> [WHAT YOU ARE ASKED TO DO] Of the entries below, restate word for word only the section that runs from the line with "#106=EDGE_LOOP('',(#105));" to the line with "#125=TOROIDAL_SURFACE('',#124,25.,10.);", counting both ends.

> [DATA FOR THIS TASK]

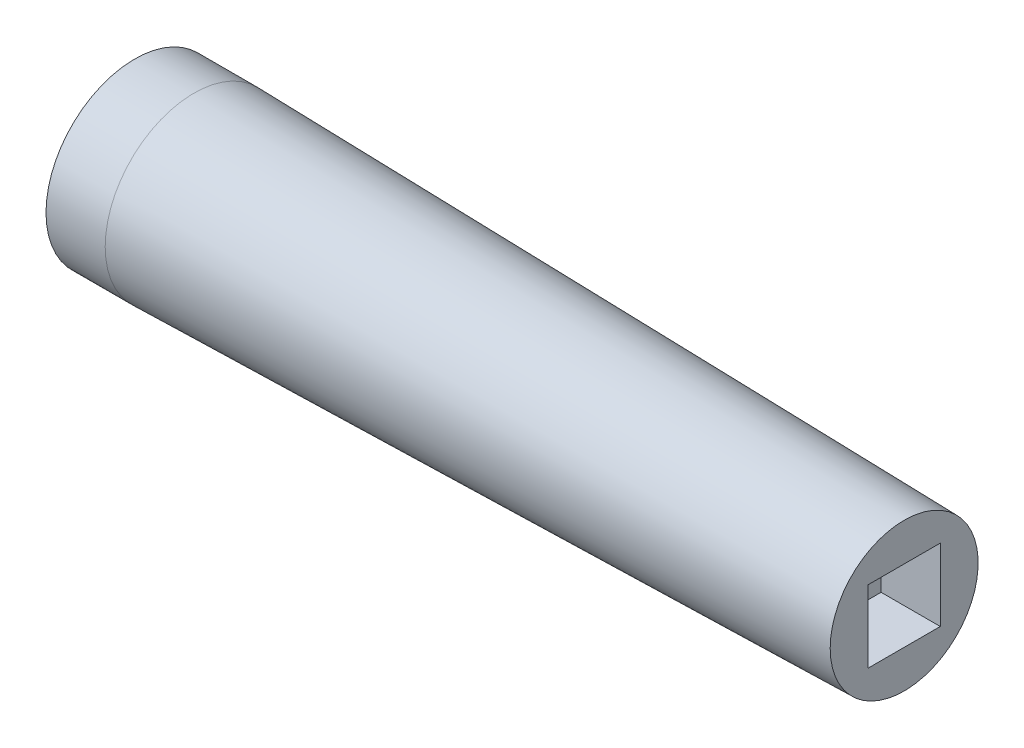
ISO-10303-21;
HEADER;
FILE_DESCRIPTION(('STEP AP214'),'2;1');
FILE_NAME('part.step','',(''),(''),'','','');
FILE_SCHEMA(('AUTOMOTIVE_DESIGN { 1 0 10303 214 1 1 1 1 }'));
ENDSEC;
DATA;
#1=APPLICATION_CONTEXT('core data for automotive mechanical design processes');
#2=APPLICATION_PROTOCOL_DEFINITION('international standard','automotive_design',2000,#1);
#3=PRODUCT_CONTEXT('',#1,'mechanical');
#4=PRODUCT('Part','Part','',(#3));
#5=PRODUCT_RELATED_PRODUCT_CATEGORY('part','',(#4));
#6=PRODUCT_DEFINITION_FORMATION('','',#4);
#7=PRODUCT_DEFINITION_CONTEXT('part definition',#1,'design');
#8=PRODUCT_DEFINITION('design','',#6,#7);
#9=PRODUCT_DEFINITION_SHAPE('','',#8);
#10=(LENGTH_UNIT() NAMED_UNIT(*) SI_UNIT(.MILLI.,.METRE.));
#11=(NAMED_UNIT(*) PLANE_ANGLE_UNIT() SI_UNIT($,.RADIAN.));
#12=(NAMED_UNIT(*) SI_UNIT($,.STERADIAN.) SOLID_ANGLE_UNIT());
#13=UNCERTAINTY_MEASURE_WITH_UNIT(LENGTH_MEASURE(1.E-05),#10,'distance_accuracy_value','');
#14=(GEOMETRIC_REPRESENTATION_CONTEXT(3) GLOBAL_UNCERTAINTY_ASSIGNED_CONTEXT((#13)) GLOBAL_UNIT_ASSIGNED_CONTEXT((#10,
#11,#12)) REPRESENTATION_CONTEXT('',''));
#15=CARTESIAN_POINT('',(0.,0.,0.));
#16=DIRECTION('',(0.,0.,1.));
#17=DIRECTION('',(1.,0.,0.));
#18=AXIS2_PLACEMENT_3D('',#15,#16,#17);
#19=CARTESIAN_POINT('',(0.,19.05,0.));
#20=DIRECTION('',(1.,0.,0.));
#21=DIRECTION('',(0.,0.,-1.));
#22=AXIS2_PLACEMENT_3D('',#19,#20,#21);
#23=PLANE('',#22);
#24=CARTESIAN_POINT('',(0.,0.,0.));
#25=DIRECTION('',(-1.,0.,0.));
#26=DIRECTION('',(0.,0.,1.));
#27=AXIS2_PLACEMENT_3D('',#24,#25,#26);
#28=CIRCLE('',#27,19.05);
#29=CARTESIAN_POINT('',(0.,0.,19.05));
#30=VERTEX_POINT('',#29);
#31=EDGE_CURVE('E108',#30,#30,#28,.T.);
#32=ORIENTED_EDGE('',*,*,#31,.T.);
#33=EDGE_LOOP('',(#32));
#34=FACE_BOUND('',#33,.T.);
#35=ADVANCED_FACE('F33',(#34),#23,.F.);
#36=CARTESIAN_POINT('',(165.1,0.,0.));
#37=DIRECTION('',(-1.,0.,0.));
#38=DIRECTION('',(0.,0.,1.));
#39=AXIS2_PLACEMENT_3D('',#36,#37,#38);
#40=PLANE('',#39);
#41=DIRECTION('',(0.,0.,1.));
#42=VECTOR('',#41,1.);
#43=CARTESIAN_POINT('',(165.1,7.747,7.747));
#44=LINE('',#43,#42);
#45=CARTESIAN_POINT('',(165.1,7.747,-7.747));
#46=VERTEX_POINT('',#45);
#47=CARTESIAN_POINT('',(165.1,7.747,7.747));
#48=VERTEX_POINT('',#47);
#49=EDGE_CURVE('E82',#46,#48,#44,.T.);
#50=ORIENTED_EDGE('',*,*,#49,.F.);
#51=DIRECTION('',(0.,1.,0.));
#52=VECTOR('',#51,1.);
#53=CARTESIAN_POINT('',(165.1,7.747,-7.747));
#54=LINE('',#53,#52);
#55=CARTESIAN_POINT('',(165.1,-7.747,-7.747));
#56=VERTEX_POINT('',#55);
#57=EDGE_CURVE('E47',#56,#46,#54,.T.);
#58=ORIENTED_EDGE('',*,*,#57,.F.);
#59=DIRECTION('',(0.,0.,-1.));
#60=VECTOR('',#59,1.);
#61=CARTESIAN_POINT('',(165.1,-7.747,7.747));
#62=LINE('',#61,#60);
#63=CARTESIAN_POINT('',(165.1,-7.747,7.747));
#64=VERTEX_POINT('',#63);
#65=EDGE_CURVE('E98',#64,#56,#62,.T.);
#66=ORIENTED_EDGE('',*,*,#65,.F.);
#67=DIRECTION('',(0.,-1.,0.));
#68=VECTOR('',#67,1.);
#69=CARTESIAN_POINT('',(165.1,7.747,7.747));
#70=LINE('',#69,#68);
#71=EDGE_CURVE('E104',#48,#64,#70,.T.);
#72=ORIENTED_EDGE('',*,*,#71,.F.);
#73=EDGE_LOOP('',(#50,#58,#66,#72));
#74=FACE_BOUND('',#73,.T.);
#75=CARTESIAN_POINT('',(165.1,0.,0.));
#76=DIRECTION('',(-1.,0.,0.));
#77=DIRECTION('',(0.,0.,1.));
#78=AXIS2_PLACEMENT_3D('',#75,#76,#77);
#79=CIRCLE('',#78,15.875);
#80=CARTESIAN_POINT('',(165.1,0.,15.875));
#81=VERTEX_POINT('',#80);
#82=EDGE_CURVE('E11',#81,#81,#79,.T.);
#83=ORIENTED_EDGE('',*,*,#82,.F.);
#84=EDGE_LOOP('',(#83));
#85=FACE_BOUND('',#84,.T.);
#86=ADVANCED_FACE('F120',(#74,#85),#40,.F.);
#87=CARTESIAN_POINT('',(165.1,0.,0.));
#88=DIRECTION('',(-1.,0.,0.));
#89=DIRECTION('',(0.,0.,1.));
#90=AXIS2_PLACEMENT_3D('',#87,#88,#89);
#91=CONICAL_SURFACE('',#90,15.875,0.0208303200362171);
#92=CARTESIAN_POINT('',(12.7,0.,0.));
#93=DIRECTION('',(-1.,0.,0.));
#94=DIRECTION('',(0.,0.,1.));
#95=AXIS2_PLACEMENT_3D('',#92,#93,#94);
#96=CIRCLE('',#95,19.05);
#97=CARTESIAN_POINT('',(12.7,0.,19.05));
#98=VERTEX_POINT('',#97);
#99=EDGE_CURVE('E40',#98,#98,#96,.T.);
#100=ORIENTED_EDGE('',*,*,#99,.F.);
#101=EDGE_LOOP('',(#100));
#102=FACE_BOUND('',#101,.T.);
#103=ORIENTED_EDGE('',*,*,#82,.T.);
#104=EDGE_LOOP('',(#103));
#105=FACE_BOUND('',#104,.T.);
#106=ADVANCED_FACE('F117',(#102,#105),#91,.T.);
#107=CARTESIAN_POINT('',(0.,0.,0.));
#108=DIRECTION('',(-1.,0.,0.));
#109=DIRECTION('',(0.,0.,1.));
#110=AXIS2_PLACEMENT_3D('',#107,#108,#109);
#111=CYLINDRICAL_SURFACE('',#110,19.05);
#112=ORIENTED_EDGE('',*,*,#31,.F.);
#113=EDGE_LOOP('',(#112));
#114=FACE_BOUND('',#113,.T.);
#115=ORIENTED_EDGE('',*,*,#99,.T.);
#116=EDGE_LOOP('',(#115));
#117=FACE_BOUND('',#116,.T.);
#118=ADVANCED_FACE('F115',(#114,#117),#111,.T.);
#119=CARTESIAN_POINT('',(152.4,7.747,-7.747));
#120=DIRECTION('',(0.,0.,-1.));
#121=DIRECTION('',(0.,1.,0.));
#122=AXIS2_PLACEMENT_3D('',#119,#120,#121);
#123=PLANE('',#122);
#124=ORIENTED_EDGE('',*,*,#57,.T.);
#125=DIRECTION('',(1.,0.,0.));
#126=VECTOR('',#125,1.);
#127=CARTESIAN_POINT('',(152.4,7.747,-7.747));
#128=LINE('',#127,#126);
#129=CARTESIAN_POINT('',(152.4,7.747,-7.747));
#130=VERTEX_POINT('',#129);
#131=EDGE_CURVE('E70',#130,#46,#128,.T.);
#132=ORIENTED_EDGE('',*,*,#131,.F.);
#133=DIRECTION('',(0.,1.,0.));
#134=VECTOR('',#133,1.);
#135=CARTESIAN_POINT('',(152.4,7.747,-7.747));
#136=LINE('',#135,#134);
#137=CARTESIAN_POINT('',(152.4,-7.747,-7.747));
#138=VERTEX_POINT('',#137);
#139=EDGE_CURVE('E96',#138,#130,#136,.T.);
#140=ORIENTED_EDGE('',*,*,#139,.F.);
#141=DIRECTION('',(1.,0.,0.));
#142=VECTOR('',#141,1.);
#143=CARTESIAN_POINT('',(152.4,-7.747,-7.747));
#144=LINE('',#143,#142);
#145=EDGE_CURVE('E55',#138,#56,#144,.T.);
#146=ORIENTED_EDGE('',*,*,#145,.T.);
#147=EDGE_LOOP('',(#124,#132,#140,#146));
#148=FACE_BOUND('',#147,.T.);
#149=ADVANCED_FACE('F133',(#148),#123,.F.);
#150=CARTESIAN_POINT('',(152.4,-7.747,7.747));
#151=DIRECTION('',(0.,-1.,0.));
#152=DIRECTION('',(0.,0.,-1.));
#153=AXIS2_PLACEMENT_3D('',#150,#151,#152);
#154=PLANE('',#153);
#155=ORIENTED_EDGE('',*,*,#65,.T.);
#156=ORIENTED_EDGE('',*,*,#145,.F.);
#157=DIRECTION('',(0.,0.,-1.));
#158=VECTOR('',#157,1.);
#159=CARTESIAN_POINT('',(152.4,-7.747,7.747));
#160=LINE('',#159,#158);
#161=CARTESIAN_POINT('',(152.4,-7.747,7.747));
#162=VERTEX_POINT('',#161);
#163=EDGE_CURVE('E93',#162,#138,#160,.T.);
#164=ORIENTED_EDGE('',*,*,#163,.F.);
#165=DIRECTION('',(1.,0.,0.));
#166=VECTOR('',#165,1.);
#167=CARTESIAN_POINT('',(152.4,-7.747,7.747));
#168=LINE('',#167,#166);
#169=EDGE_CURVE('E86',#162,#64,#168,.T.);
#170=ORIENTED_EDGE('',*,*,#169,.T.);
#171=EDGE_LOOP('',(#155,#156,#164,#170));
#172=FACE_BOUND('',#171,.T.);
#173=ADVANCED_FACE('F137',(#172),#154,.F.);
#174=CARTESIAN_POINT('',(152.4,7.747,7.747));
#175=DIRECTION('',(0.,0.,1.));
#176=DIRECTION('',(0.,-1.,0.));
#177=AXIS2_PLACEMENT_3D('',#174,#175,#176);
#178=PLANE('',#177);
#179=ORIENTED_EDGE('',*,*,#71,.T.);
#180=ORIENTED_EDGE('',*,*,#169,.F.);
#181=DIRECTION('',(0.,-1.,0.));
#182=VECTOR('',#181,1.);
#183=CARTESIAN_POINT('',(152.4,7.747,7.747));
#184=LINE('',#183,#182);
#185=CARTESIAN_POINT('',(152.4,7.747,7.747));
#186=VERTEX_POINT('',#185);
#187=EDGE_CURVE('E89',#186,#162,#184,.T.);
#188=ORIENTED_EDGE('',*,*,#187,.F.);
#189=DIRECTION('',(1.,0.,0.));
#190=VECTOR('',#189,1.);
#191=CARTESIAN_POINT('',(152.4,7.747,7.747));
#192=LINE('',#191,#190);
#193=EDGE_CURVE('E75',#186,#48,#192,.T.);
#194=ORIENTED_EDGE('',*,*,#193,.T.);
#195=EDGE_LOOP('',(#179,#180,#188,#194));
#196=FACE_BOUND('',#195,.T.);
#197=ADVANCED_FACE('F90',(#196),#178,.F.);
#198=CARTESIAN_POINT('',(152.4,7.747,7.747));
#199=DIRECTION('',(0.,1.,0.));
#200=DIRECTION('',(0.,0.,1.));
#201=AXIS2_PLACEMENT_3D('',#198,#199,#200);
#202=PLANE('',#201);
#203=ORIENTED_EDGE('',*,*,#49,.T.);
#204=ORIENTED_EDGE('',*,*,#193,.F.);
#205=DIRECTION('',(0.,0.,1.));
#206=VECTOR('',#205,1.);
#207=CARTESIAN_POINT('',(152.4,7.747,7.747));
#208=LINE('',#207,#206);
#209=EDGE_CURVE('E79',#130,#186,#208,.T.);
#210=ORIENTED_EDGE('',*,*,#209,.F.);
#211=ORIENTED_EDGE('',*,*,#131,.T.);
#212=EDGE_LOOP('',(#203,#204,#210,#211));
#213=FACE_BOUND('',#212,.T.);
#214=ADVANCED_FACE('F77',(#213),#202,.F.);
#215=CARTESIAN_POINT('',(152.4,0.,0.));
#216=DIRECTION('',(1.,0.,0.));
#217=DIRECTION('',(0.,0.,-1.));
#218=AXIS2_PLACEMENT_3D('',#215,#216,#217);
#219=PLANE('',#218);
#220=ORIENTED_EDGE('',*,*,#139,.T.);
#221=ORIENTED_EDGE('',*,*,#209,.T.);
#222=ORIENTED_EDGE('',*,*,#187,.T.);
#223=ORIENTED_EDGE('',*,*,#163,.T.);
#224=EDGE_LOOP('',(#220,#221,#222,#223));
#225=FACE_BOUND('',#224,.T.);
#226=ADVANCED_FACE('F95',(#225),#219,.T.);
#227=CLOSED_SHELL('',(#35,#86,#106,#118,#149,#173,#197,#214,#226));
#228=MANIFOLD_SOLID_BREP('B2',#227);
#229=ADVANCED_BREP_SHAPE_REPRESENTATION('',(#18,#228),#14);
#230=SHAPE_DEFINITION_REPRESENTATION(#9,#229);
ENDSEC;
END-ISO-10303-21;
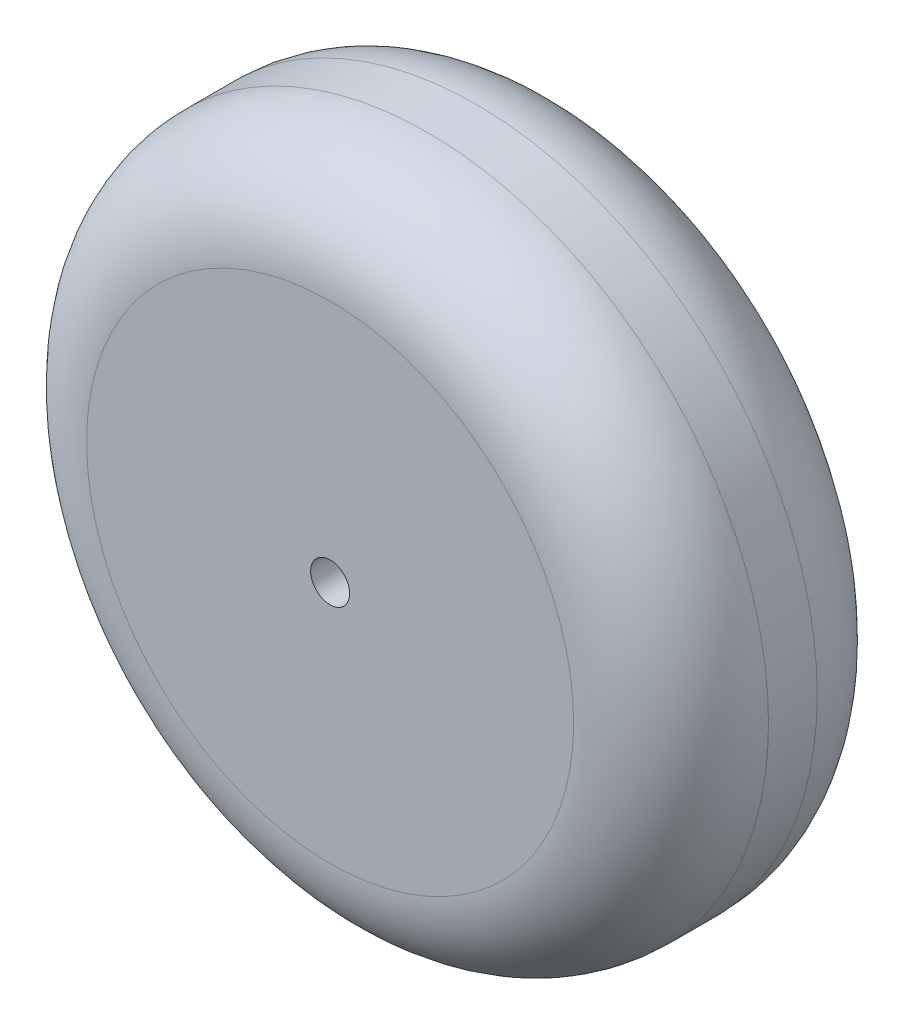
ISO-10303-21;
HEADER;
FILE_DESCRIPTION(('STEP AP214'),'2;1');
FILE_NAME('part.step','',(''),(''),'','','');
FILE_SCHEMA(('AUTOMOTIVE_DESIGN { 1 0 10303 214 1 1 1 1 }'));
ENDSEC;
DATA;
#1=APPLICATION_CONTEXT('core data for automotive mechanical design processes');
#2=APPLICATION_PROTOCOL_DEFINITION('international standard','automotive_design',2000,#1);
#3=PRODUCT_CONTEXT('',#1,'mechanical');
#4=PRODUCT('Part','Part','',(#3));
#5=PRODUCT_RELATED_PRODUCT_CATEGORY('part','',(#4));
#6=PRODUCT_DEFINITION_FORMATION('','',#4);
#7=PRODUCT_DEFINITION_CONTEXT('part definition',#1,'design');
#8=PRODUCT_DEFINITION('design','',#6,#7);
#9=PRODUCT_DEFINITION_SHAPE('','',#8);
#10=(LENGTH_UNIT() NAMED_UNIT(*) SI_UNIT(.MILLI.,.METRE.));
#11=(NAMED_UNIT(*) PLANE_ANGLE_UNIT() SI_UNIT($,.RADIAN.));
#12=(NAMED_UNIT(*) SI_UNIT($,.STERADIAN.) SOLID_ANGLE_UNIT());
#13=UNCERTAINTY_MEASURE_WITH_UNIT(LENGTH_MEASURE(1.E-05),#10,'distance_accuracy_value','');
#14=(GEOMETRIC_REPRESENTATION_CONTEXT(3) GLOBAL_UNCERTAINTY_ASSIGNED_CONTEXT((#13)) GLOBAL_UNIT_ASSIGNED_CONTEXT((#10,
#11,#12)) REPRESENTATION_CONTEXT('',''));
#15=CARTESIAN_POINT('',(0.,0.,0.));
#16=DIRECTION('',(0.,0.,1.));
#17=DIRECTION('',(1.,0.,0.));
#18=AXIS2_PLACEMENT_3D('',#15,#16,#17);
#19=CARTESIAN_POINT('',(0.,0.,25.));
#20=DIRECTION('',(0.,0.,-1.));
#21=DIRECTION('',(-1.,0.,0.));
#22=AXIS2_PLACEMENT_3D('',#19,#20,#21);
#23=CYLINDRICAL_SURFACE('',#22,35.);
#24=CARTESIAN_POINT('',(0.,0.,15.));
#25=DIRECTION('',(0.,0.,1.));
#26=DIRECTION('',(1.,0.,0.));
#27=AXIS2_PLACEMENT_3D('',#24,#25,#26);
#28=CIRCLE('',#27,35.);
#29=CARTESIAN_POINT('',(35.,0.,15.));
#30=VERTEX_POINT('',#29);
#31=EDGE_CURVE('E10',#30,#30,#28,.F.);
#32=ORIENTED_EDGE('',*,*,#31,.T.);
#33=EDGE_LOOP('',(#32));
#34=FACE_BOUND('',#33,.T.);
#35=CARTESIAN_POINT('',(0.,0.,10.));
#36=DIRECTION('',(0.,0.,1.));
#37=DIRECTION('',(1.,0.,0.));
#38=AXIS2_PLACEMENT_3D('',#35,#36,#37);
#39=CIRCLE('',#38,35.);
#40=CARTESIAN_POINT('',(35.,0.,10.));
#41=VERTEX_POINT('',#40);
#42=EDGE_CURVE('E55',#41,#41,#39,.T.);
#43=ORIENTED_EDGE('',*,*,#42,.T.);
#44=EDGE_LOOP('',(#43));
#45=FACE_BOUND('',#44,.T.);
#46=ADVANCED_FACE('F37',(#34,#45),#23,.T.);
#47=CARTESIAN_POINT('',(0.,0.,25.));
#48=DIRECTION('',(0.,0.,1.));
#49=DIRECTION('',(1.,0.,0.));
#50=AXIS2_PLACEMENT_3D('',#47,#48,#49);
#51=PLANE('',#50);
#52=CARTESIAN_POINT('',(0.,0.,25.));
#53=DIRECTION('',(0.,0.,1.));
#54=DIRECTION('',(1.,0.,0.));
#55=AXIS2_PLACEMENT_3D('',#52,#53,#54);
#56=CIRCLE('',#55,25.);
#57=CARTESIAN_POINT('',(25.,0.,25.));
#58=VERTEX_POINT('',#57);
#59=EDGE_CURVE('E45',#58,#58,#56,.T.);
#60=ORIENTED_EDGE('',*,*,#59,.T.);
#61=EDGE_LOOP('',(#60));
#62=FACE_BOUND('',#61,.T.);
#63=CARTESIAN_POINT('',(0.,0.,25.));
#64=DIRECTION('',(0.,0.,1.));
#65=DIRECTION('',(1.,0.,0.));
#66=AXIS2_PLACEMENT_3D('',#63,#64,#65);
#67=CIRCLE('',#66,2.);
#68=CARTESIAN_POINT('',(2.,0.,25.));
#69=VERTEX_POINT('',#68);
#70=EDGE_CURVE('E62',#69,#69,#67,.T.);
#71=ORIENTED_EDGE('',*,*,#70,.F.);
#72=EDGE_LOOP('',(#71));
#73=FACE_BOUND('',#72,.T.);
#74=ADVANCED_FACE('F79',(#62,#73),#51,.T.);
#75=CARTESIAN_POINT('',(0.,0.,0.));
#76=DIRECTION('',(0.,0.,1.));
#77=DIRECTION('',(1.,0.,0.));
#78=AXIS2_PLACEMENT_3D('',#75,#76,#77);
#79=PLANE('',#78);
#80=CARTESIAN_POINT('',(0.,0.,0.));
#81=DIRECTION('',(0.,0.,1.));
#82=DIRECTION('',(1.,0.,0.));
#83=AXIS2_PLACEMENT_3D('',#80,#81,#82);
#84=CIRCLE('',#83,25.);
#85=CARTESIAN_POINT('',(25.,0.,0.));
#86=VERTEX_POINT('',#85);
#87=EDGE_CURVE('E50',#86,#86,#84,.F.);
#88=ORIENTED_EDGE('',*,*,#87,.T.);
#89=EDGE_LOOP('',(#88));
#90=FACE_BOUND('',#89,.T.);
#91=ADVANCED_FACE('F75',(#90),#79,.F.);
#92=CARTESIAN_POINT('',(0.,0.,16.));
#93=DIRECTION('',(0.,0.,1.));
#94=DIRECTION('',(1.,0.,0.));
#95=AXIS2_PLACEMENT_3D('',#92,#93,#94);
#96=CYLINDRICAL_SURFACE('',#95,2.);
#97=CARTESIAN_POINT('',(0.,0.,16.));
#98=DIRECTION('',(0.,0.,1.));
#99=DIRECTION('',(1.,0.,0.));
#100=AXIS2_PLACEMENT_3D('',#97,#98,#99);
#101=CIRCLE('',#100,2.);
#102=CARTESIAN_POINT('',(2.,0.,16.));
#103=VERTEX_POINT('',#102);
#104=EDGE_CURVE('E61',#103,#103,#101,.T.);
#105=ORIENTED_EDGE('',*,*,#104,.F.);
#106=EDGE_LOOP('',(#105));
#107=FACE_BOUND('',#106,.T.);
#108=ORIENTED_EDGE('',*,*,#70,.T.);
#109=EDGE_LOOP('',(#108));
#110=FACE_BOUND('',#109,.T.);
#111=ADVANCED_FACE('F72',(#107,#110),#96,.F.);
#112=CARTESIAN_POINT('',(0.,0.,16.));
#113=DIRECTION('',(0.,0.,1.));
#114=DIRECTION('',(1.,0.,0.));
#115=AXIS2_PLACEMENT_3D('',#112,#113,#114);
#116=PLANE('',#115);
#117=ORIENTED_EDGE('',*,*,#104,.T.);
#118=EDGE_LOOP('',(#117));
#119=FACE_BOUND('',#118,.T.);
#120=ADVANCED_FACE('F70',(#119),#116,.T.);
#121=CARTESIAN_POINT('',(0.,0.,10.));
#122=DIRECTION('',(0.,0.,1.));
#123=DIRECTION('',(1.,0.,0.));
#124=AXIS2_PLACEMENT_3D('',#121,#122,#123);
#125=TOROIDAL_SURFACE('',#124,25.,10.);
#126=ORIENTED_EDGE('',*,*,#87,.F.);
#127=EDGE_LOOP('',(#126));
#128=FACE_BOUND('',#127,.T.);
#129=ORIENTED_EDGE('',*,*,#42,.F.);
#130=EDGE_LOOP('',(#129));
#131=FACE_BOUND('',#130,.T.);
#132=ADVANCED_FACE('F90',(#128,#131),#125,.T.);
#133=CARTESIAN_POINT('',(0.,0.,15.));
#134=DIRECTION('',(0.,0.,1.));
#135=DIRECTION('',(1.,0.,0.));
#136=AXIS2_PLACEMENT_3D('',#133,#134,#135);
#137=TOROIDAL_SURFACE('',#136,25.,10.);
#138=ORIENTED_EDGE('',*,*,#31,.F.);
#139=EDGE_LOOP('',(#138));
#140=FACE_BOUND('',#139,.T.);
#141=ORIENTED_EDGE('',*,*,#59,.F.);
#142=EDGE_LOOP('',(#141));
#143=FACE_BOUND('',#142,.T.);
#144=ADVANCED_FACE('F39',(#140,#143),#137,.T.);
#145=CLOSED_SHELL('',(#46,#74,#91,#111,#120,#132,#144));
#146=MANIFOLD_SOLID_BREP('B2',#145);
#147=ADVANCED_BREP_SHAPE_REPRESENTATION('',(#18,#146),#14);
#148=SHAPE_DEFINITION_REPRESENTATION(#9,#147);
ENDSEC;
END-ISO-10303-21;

> [EXPECTED ANSWER]
#106=EDGE_LOOP('',(#105));
#107=FACE_BOUND('',#106,.T.);
#108=ORIENTED_EDGE('',*,*,#70,.T.);
#109=EDGE_LOOP('',(#108));
#110=FACE_BOUND('',#109,.T.);
#111=ADVANCED_FACE('F72',(#107,#110),#96,.F.);
#112=CARTESIAN_POINT('',(0.,0.,16.));
#113=DIRECTION('',(0.,0.,1.));
#114=DIRECTION('',(1.,0.,0.));
#115=AXIS2_PLACEMENT_3D('',#112,#113,#114);
#116=PLANE('',#115);
#117=ORIENTED_EDGE('',*,*,#104,.T.);
#118=EDGE_LOOP('',(#117));
#119=FACE_BOUND('',#118,.T.);
#120=ADVANCED_FACE('F70',(#119),#116,.T.);
#121=CARTESIAN_POINT('',(0.,0.,10.));
#122=DIRECTION('',(0.,0.,1.));
#123=DIRECTION('',(1.,0.,0.));
#124=AXIS2_PLACEMENT_3D('',#121,#122,#123);
#125=TOROIDAL_SURFACE('',#124,25.,10.);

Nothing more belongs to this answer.